Try it: Among the records, find the lines that hold the string "Rectangle" and return them.

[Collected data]

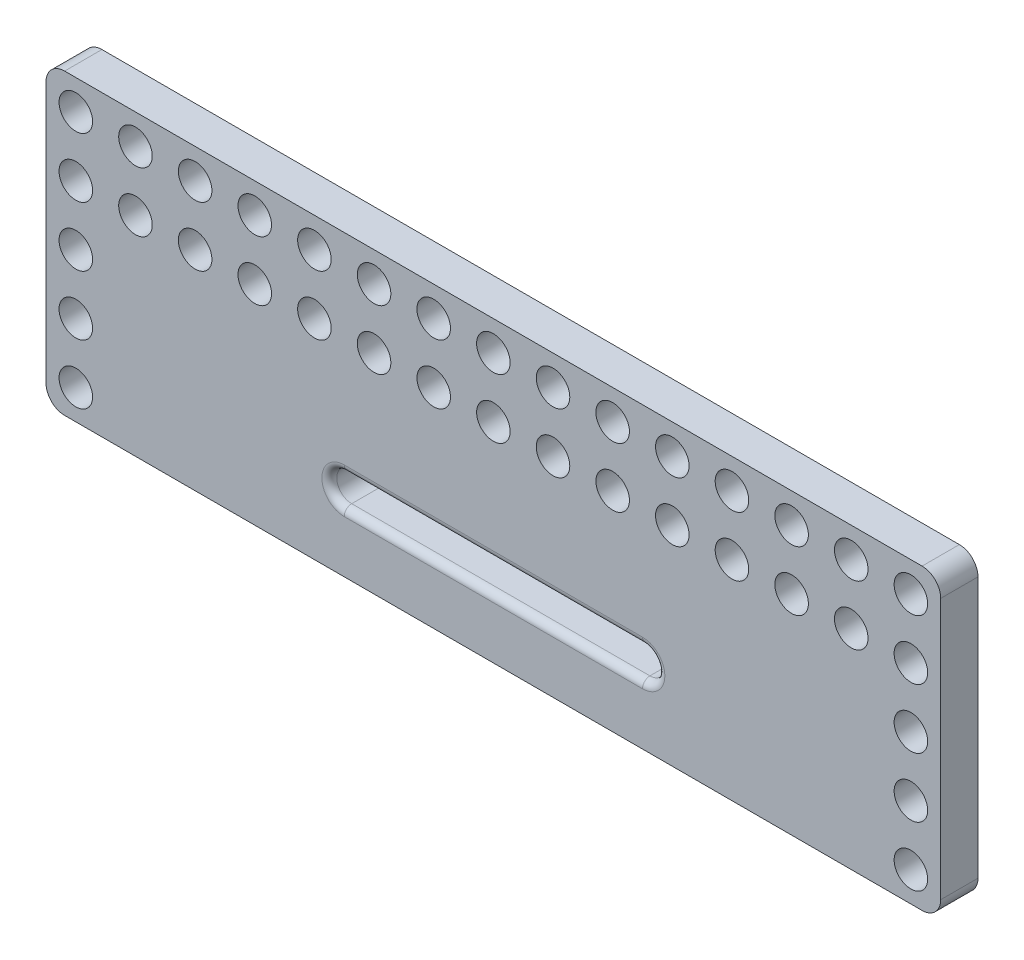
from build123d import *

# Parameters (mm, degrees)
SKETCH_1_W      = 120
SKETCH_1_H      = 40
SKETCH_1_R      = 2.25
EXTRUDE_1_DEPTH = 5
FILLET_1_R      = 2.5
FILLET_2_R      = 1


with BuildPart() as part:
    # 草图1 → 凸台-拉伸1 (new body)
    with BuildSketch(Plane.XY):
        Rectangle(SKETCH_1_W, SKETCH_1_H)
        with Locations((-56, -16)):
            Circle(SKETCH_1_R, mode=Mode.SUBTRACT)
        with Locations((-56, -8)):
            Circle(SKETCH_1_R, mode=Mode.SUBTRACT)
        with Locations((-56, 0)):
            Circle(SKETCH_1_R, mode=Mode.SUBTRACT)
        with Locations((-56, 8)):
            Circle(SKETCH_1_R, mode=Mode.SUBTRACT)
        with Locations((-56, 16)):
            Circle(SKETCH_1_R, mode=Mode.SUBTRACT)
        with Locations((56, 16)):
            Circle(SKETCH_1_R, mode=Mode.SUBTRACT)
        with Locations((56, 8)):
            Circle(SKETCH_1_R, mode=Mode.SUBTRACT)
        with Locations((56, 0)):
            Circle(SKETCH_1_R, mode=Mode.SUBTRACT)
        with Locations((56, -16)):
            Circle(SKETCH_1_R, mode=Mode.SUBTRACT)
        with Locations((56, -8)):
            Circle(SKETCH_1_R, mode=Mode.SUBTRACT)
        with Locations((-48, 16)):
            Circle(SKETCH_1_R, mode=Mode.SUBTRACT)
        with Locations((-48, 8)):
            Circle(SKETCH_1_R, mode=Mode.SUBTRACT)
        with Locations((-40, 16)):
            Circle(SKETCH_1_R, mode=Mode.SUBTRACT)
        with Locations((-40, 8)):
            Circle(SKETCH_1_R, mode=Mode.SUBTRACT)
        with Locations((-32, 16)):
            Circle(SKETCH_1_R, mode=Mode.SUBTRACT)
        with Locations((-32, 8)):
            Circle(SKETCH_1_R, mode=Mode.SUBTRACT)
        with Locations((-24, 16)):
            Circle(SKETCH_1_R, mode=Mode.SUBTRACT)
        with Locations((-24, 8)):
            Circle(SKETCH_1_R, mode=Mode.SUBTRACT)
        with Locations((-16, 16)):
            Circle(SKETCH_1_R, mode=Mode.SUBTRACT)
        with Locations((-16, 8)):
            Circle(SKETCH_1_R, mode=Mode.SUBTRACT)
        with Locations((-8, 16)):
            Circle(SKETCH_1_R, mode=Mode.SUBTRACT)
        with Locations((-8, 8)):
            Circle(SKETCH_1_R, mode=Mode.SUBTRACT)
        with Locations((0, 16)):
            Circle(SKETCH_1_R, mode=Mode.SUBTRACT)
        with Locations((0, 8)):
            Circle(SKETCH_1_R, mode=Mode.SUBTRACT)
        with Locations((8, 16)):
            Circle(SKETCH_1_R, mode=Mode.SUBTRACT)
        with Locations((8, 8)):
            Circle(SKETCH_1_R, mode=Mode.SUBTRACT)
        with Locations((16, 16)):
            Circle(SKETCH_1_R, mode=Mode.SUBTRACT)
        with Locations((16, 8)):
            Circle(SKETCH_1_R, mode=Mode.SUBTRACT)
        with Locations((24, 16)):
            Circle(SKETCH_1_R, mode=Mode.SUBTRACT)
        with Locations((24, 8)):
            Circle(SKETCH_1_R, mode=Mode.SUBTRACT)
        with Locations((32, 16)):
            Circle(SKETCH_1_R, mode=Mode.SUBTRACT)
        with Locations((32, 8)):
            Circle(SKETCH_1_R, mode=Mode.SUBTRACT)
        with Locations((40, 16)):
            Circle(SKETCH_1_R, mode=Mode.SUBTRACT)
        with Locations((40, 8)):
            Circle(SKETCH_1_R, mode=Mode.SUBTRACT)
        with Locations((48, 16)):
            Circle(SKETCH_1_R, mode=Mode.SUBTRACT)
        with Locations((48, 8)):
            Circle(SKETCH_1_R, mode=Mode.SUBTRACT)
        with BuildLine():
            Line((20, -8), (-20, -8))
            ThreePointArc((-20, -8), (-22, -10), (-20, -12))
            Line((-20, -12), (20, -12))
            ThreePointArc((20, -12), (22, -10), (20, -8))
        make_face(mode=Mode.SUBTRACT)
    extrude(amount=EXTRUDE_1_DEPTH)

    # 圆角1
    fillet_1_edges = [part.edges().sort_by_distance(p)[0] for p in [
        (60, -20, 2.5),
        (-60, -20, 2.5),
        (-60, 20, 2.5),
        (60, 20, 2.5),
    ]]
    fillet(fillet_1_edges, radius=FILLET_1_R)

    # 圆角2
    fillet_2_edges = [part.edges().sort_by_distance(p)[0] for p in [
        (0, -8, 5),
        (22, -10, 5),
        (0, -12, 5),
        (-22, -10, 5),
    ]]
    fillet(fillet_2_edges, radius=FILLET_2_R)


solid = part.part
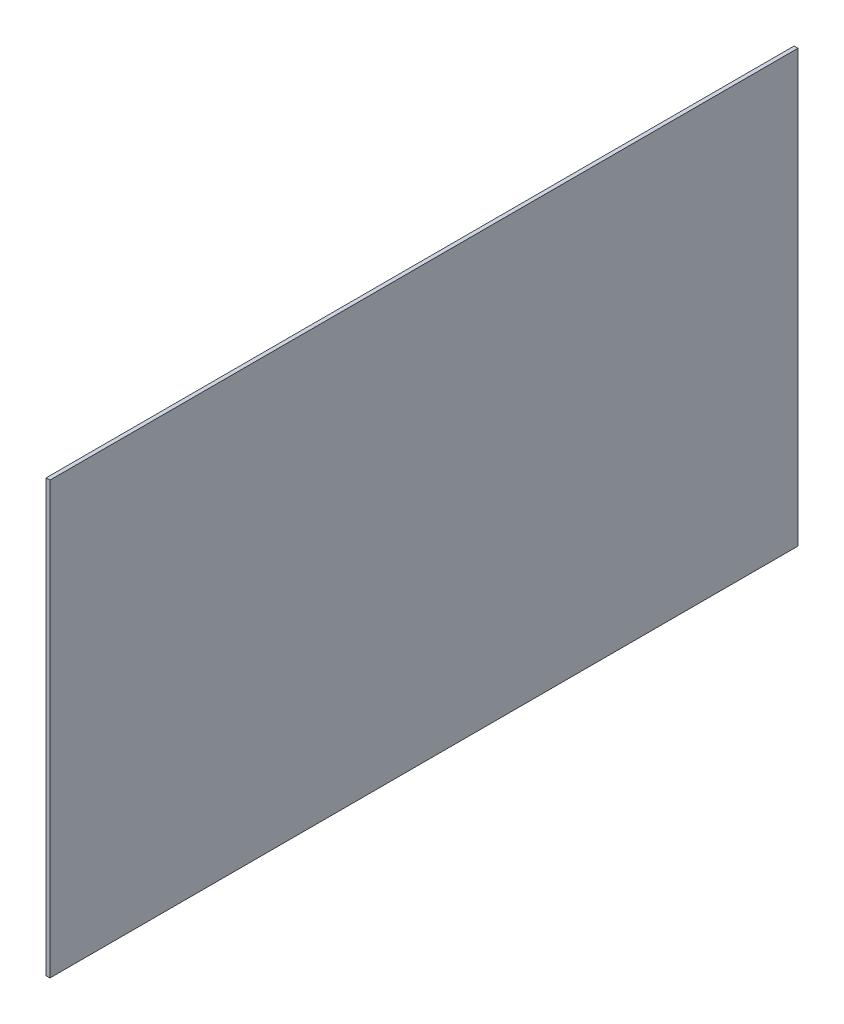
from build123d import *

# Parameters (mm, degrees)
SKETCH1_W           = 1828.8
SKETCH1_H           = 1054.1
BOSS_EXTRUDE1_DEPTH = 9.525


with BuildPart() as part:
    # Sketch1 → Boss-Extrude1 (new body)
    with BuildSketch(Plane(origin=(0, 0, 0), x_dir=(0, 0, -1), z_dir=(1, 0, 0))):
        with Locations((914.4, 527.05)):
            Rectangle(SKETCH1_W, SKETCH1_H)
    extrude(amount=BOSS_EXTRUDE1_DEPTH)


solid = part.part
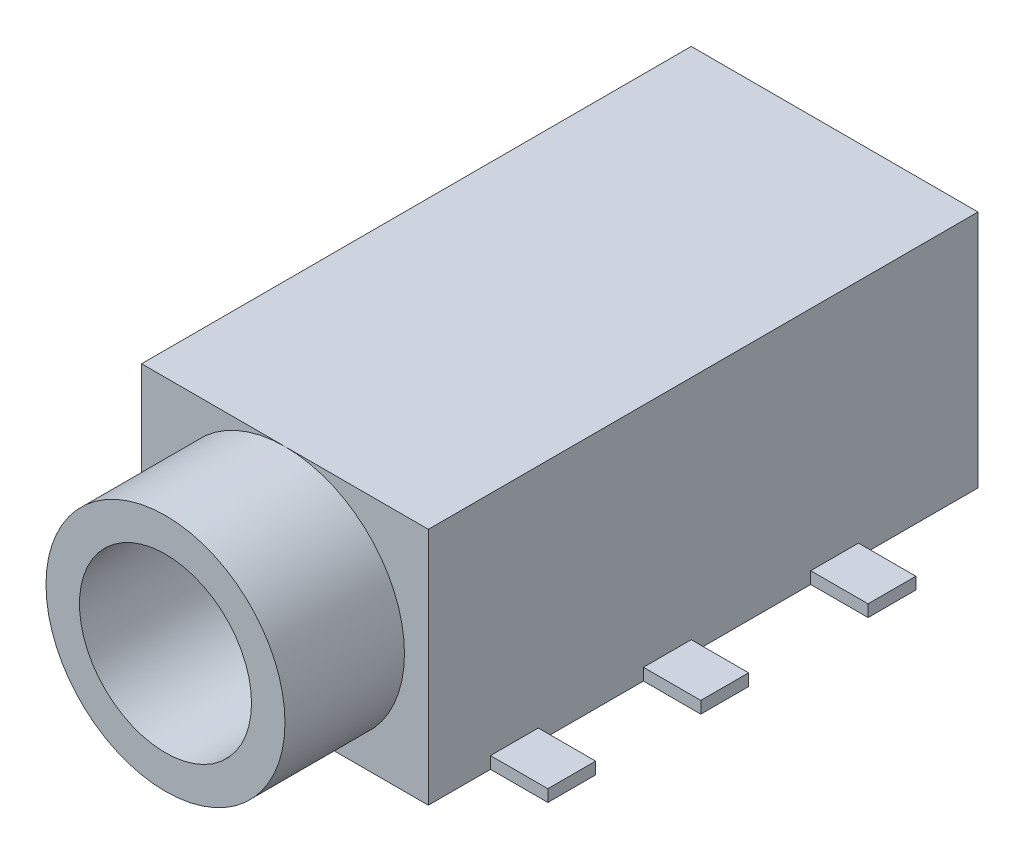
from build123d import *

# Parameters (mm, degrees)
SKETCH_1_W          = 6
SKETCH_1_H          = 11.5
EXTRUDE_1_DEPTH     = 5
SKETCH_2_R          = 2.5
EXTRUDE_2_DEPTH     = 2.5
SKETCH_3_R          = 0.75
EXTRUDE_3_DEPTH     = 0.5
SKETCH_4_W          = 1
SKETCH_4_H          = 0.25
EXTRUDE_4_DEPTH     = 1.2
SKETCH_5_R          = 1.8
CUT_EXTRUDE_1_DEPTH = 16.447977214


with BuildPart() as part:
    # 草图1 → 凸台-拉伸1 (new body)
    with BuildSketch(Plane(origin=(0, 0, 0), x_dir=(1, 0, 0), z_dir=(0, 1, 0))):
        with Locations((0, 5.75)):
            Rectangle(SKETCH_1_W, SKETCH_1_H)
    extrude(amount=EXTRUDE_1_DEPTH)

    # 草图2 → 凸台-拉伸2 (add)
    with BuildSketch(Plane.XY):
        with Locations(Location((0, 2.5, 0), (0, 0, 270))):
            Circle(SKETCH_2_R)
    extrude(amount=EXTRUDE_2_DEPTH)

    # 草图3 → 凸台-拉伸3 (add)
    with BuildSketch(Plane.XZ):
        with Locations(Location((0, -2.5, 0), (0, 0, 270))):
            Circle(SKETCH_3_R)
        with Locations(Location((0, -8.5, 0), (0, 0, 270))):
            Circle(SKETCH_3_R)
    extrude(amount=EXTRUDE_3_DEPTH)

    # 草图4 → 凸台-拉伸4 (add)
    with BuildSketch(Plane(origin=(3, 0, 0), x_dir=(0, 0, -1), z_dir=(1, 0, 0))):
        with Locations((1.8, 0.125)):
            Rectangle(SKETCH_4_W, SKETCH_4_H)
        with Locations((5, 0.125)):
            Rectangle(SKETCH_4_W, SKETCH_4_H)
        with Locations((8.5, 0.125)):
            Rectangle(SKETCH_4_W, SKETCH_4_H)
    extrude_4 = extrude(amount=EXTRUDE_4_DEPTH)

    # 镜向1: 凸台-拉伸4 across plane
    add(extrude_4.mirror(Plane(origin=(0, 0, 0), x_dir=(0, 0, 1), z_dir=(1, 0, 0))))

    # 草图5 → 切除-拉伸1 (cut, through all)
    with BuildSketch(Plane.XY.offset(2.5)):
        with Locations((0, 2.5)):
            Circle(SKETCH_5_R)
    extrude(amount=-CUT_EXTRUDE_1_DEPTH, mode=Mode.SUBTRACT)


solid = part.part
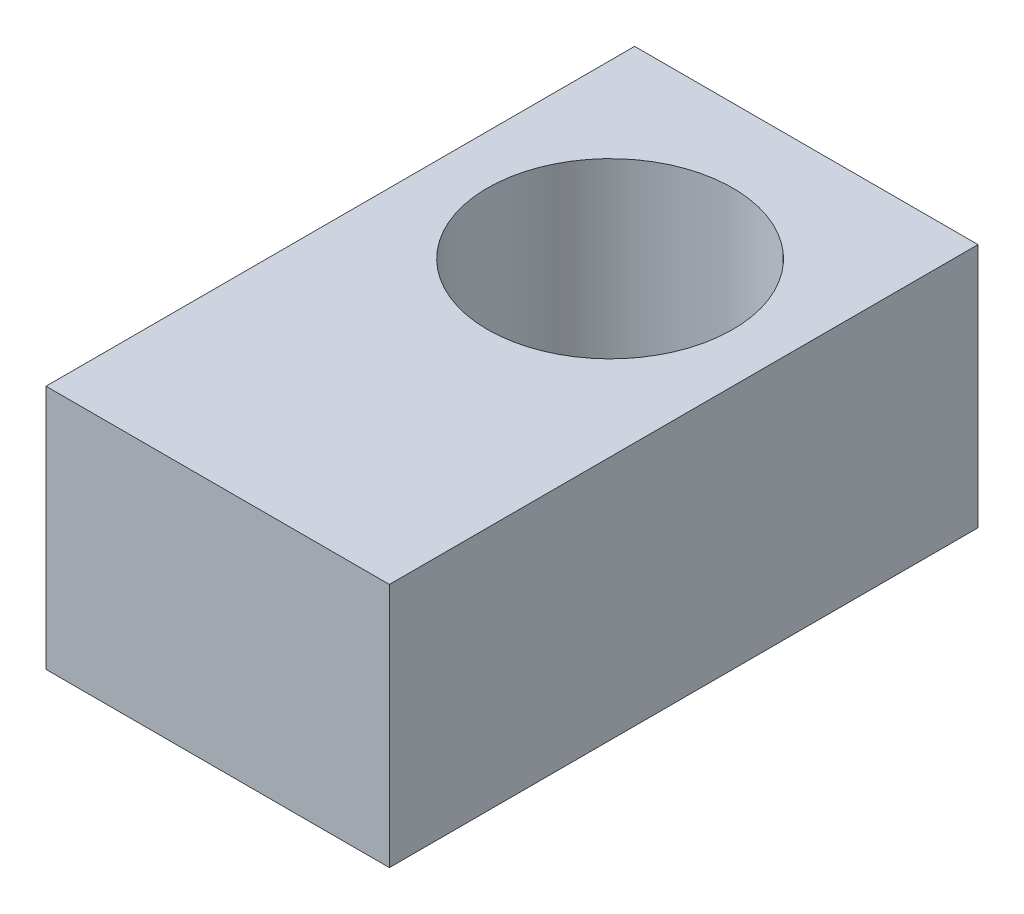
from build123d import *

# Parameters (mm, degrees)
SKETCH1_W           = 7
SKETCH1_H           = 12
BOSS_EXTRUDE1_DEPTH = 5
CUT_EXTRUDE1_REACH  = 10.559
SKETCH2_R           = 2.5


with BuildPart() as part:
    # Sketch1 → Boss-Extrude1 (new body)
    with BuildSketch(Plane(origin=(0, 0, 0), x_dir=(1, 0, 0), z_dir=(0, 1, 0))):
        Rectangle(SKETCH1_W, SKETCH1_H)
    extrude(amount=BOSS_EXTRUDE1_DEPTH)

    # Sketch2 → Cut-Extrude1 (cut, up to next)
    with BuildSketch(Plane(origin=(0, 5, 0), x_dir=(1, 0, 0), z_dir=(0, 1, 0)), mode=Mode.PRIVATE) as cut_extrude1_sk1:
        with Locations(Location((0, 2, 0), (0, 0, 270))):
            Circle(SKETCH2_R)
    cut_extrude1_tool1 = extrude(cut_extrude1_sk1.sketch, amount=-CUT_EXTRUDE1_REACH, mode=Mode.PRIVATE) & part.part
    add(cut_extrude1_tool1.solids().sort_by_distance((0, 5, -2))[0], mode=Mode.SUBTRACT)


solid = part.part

Exercise answer:
        Rectangle(SKETCH_1_W, SKETCH_1_H)
            Rectangle(SKETCH1_W, SKETCH1_H)
            Rectangle(SKETCH_1_W, SKETCH_1_H)
            Rectangle(SKETCH_4_W, SKETCH_4_H)
            Rectangle(SKETCH_4_W, SKETCH_4_H)
            Rectangle(SKETCH_4_W, SKETCH_4_H)
        Rectangle(SKETCH1_W, SKETCH1_H)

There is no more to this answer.